» Exercise objective:
For each line below that includes the word "power", make a copy.

=== Begin Enclosure ===

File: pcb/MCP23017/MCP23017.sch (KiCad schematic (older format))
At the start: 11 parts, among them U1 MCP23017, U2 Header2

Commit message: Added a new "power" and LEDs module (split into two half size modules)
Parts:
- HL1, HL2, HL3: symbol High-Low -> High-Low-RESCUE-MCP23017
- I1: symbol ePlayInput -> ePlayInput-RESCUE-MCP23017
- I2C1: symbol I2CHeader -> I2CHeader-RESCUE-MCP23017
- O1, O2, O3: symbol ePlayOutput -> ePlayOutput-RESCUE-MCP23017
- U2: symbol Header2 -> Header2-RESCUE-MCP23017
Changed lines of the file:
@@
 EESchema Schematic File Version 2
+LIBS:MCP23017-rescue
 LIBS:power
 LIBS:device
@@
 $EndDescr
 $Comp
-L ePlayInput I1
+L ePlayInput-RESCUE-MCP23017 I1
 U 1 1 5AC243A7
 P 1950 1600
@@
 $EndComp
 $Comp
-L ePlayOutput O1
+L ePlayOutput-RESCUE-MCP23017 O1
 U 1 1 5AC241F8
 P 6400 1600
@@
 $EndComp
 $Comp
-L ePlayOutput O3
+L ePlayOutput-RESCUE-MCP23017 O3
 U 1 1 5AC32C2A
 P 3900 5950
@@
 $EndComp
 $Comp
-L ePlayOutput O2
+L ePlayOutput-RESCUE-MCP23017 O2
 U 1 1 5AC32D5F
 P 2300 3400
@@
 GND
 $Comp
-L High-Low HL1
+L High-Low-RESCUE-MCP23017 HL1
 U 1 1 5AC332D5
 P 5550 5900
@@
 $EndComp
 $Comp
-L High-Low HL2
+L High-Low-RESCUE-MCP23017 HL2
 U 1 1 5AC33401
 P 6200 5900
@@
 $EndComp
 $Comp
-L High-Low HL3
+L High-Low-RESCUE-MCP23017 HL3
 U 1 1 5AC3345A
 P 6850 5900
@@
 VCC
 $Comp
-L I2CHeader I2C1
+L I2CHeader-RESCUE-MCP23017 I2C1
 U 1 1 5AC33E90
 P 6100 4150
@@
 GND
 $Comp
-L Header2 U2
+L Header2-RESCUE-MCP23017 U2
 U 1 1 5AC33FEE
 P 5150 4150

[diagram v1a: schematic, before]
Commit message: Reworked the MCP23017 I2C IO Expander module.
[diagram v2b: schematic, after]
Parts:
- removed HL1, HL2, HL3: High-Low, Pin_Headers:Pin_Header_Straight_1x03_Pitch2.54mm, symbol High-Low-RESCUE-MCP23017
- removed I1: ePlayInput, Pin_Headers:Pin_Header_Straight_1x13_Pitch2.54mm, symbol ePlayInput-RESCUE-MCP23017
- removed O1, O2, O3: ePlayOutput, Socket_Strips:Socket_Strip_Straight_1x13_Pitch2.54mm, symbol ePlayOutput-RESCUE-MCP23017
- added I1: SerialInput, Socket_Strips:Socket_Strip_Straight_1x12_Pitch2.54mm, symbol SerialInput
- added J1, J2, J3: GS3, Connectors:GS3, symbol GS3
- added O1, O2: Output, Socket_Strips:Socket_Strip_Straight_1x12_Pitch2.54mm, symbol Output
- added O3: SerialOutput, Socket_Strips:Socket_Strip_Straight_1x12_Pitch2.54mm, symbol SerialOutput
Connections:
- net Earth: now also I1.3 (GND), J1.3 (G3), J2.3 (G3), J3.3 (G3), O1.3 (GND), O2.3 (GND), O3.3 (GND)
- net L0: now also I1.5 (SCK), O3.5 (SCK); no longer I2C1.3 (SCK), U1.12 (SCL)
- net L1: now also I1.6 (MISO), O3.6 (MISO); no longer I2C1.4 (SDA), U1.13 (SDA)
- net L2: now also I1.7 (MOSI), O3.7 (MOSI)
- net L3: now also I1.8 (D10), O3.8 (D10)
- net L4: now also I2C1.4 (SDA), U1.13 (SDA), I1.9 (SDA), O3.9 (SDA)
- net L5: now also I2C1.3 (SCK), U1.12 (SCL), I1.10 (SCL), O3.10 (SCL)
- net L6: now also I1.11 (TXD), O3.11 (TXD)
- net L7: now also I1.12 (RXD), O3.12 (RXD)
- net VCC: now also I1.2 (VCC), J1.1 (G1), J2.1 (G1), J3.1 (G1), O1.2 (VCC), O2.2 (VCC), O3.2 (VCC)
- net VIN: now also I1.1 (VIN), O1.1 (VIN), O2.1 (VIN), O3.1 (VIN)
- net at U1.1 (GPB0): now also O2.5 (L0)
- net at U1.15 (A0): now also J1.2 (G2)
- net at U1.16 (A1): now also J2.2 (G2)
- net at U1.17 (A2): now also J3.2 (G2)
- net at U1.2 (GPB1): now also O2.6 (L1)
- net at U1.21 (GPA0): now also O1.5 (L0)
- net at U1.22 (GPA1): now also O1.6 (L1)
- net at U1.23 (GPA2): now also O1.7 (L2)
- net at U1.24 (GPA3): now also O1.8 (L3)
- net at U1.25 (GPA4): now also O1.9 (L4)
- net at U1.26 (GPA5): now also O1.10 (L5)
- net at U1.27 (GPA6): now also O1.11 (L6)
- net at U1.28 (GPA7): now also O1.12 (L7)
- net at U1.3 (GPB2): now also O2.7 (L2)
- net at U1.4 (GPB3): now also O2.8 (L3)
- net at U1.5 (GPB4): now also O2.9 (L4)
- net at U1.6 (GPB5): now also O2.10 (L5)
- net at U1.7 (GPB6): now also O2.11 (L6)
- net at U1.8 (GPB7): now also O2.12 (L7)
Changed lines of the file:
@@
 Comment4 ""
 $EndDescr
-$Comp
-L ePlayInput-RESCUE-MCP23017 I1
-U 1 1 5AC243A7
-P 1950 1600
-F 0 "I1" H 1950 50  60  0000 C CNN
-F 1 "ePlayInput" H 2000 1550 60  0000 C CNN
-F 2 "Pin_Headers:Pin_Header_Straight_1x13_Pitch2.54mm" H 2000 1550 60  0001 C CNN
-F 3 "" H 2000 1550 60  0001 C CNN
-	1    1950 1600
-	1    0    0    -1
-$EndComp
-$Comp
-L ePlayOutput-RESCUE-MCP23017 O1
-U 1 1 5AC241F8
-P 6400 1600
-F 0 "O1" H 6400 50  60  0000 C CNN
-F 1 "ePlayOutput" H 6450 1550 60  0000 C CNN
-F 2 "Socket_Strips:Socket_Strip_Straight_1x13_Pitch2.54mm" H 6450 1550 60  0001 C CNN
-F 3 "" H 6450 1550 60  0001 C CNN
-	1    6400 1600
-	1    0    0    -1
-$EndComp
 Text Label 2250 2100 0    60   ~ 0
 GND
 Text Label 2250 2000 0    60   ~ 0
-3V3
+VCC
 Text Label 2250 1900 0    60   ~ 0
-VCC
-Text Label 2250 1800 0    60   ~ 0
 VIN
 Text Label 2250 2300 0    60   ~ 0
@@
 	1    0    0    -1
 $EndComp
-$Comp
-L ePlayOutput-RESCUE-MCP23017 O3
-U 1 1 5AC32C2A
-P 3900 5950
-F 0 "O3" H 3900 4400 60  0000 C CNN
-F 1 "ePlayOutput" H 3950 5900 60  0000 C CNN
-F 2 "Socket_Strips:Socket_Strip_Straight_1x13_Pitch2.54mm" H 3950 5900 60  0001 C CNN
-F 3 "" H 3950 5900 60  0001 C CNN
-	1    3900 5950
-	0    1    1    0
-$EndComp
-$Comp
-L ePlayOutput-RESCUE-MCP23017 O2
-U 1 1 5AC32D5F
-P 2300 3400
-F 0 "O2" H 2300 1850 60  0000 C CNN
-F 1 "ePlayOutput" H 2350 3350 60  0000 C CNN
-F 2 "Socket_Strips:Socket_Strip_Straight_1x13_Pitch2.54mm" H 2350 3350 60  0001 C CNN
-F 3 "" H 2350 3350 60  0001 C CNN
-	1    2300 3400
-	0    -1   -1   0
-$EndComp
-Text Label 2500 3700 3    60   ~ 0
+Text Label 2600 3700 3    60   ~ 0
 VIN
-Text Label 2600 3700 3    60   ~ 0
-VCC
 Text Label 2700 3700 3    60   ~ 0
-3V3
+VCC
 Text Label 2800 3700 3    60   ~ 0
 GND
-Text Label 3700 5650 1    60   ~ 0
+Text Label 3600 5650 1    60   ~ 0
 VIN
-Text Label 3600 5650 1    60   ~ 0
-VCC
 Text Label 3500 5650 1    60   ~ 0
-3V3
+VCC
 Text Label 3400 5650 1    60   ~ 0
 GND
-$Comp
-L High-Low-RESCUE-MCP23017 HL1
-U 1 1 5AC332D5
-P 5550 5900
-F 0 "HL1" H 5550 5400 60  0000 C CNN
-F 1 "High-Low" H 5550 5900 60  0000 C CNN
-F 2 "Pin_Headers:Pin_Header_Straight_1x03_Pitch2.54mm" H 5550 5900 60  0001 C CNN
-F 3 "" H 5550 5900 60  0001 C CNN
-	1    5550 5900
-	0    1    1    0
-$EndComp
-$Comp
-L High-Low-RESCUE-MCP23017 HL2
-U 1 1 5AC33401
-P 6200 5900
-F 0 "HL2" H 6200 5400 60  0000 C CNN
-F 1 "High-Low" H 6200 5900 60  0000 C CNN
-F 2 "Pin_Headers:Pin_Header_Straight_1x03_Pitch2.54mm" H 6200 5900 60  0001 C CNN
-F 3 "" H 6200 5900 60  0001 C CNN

=== End Enclosure ===

» Exercise answer:
Commit message: Added a new "power" and LEDs module (split into two half size modules)
 LIBS:power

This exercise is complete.